═════ Records supplied
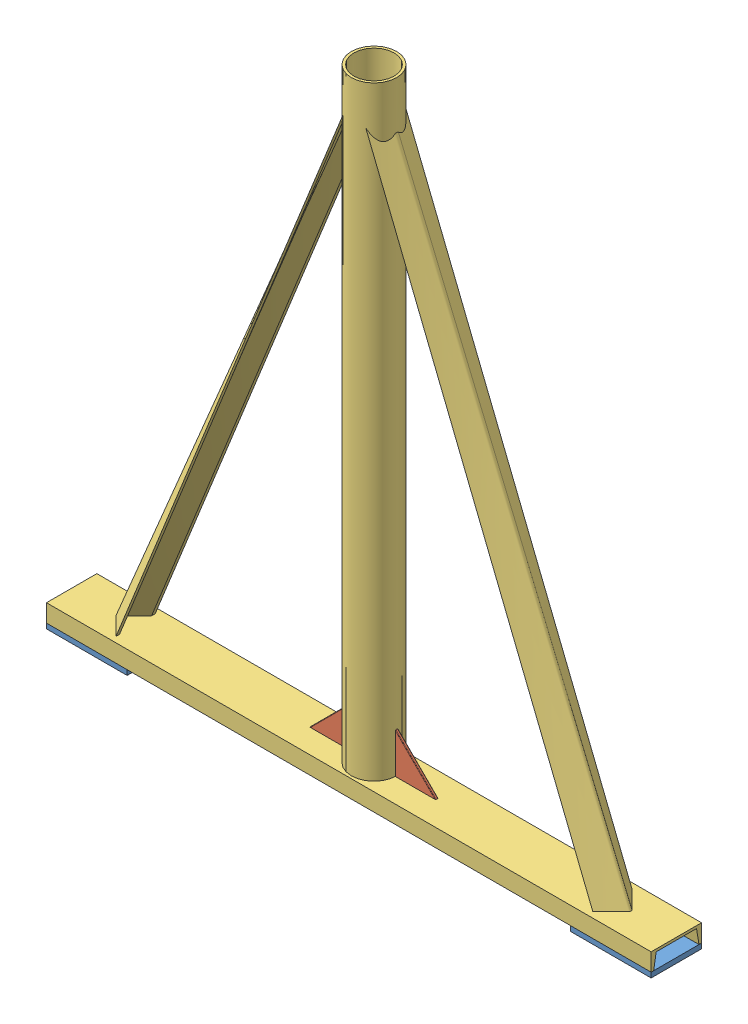
SolidWorks assembly SubAssembly 1, configuration Default. Lengths in mm.
Overall size (1524 1581.15 127).
5 component instances, 3 part files, 16 mates.
Components (placement in the parent):
- Part 2-1: Part 2 [Default] at (-30.7446 140.2661 83.6839) size (203.2 12.7 127)
- Part 6-1: Part 6 [Default] at (674.1054 184.7161 144.0089) size (101.6 101.6 6.35)
- SA 1 Part-1: SA 1 Part [Default] at (-30.7446 184.7161 147.1839) x (0 0 -1) z (1 0 0) size (127 1568.45 1524)
- Part 2-2: Part 2 [Default] at (1493.2554 140.2661 210.6839) x (-1 0 0) z (0 0 -1) size (203.2 12.7 127)
- Part 6-2: Part 6 [Default] at (788.4054 184.7161 150.3589) x (-1 0 0) z (0 0 -1) size (101.6 101.6 6.35)
Mates (geometry in assembly coordinates):
- Coincident1: coincident anti-aligned: plane of SA 1 Part-1 through (1493.2554 140.2661 90.0339) normal (0 -1 0); plane of Part 2-2 through (1493.2554 140.2661 83.6839) normal (0 1 0)
- Parallel1: parallel aligned: plane of SA 1 Part-1 through (1493.2554 140.2661 83.6839) normal (0 0 -1); plane of Part 2-2 through (1493.2554 140.2661 83.6839) normal (0 0 -1)
- Coincident3: coincident aligned: plane of SA 1 Part-1 through (1493.2554 184.7161 210.6839) normal (0 0 1); plane of Part 2-2 through (1493.2554 140.2661 210.6839) normal (0 0 1)
- Coincident4: coincident aligned: plane of SA 1 Part-1 through (1493.2554 184.7161 147.1839) normal (1 0 0); plane of Part 2-2 through (1493.2554 127.5661 83.6839) normal (1 0 0)
- Coincident5: coincident anti-aligned: plane of Part 2-1 through (-30.7446 140.2661 210.6839) normal (0 1 0); plane of SA 1 Part-1 through (1493.2554 140.2661 90.0339) normal (0 -1 0)
- Coincident6: coincident aligned: plane of Part 2-1 through (-30.7446 140.2661 83.6839) normal (0 0 -1); plane of SA 1 Part-1 through (1493.2554 140.2661 83.6839) normal (0 0 -1)
- Coincident7: coincident aligned: plane of Part 2-1 through (-30.7446 140.2661 83.6839) normal (0 0 -1); plane of SA 1 Part-1 through (1493.2554 140.2661 83.6839) normal (0 0 -1)
- Coincident8: coincident aligned: plane of Part 2-1 through (-30.7446 127.5661 210.6839) normal (-1 0 0); plane of SA 1 Part-1 through (-30.7446 184.7161 147.1839) normal (-1 0 0)
- Coincident10: coincident anti-aligned: plane of Part 6-1 through (674.1054 184.7161 150.3589) normal (0 -1 0); plane of SA 1 Part-1 through (1493.2554 184.7161 83.6839) normal (0 1 0)
- Parallel2: parallel aligned: plane of Part 6-1 through (674.1054 184.7161 144.0089) normal (0 0 -1); plane of SA 1 Part-1 through (1493.2554 140.2661 83.6839) normal (0 0 -1)
- Width1: width anti-aligned: plane of Part 6-1 through (674.1054 184.7161 150.3589) normal (0 0 1); plane of SA 1 Part-1 through (674.1054 184.7161 144.0089) normal (0 0 -1); plane of Part 6-1 through (1493.2554 140.2661 83.6839) normal (0 0 -1); plane of SA 1 Part-1 through (1493.2554 184.7161 210.6839) normal (0 0 1)
- Distance1: distance = 704.85 mm anti-aligned: plane of Part 6-1 through (674.1054 286.3161 150.3589) normal (1 0 0); plane of SA 1 Part-1 through (-30.7446 184.7161 147.1839) normal (-1 0 0)
- Coincident13: coincident anti-aligned: plane of SA 1 Part-1 through (1493.2554 184.7161 83.6839) normal (0 1 0); plane of Part 6-2 through (788.4054 184.7161 144.0089) normal (0 -1 0)
- Parallel3: parallel anti-aligned: plane of SA 1 Part-1 through (1493.2554 184.7161 210.6839) normal (0 0 1); plane of Part 6-2 through (788.4054 184.7161 144.0089) normal (0 0 -1)
- Width2: width anti-aligned: plane of Part 6-2 through (788.4054 184.7161 150.3589) normal (0 0 1); plane of SA 1 Part-1 through (788.4054 184.7161 144.0089) normal (0 0 -1); plane of Part 6-2 through (1493.2554 140.2661 83.6839) normal (0 0 -1); plane of SA 1 Part-1 through (1493.2554 184.7161 210.6839) normal (0 0 1)
- Distance3: distance = 704.85 mm anti-aligned: plane of Part 6-2 through (788.4054 286.3161 144.0089) normal (-1 0 0); plane of SA 1 Part-1 through (1493.2554 184.7161 147.1839) normal (1 0 0)
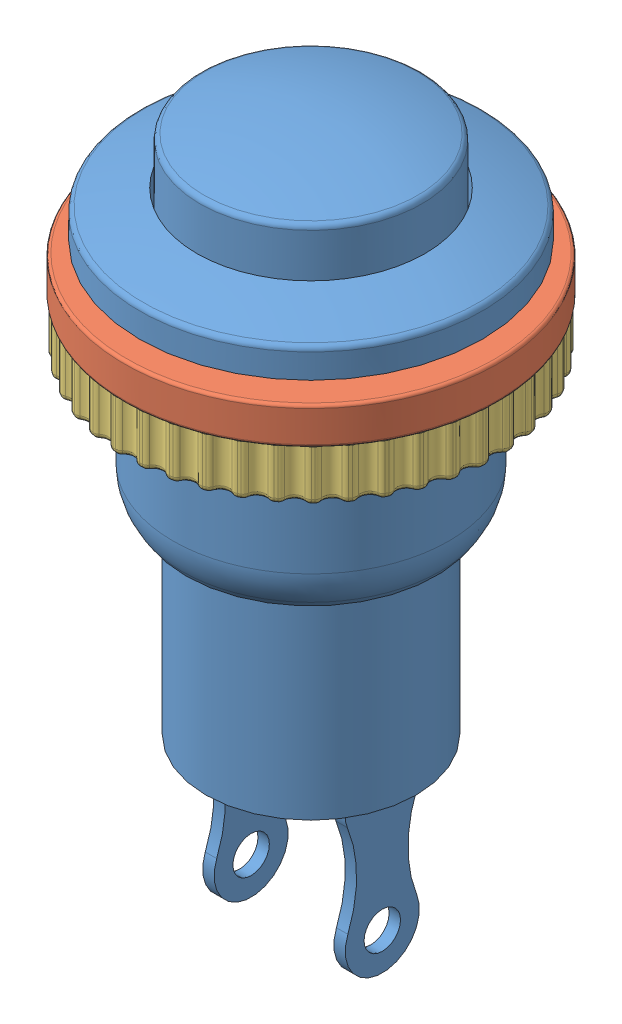
SolidWorks assembly Assemblage1, configuration Défaut. Lengths in mm.
Overall size (18.19 24.8 18.19).
3 component instances, 3 part files, 3 mates.
Components (placement in the parent):
- Push_main-1: Push_main [Défaut] at (-2.0328 -5.3276 24.8) size (12.02 24.8 12.02)
- Push_ring-1: Push_ring [Défaut] at (-2.0328 6.3256 24.8) x (0.960172 0 0.279408) z (-0.279408 0 0.960172) size (13.1 1.3 13.1)
- Push_screw-1: Push_screw [Défaut] at (-2.0328 7.9974 24.8) x (-0.802228 0 -0.597018) z (-0.597018 0 0.802228) size (13 1.8 13)
Mates (geometry in assembly coordinates):
- Coaxiale1: concentric anti-aligned: cylinder of Push_main-1 through (-2.0328 -5.3276 24.8) axis (0 -1 0) radius 4.84; circle of Push_ring-1
- Coïncidente1: coincident anti-aligned: plane of Push_ring-1 through (3.0273 7.9974 26.2725) normal (0 -1 0); plane of Push_screw-1 through (-2.0328 7.9974 24.8) normal (0 1 0)
- Coaxiale2: concentric anti-aligned: cylinder of Push_main-1 through (-2.0328 -5.3276 24.8) axis (0 -1 0) radius 4.84; cylinder of Push_screw-1 through (-2.0328 6.1974 24.8) axis (0 1 0) radius 4.9
══════════
Task prompt →
For the string "radius", tally the lines above that contain it and give only the figure.

Result of the exercise →
2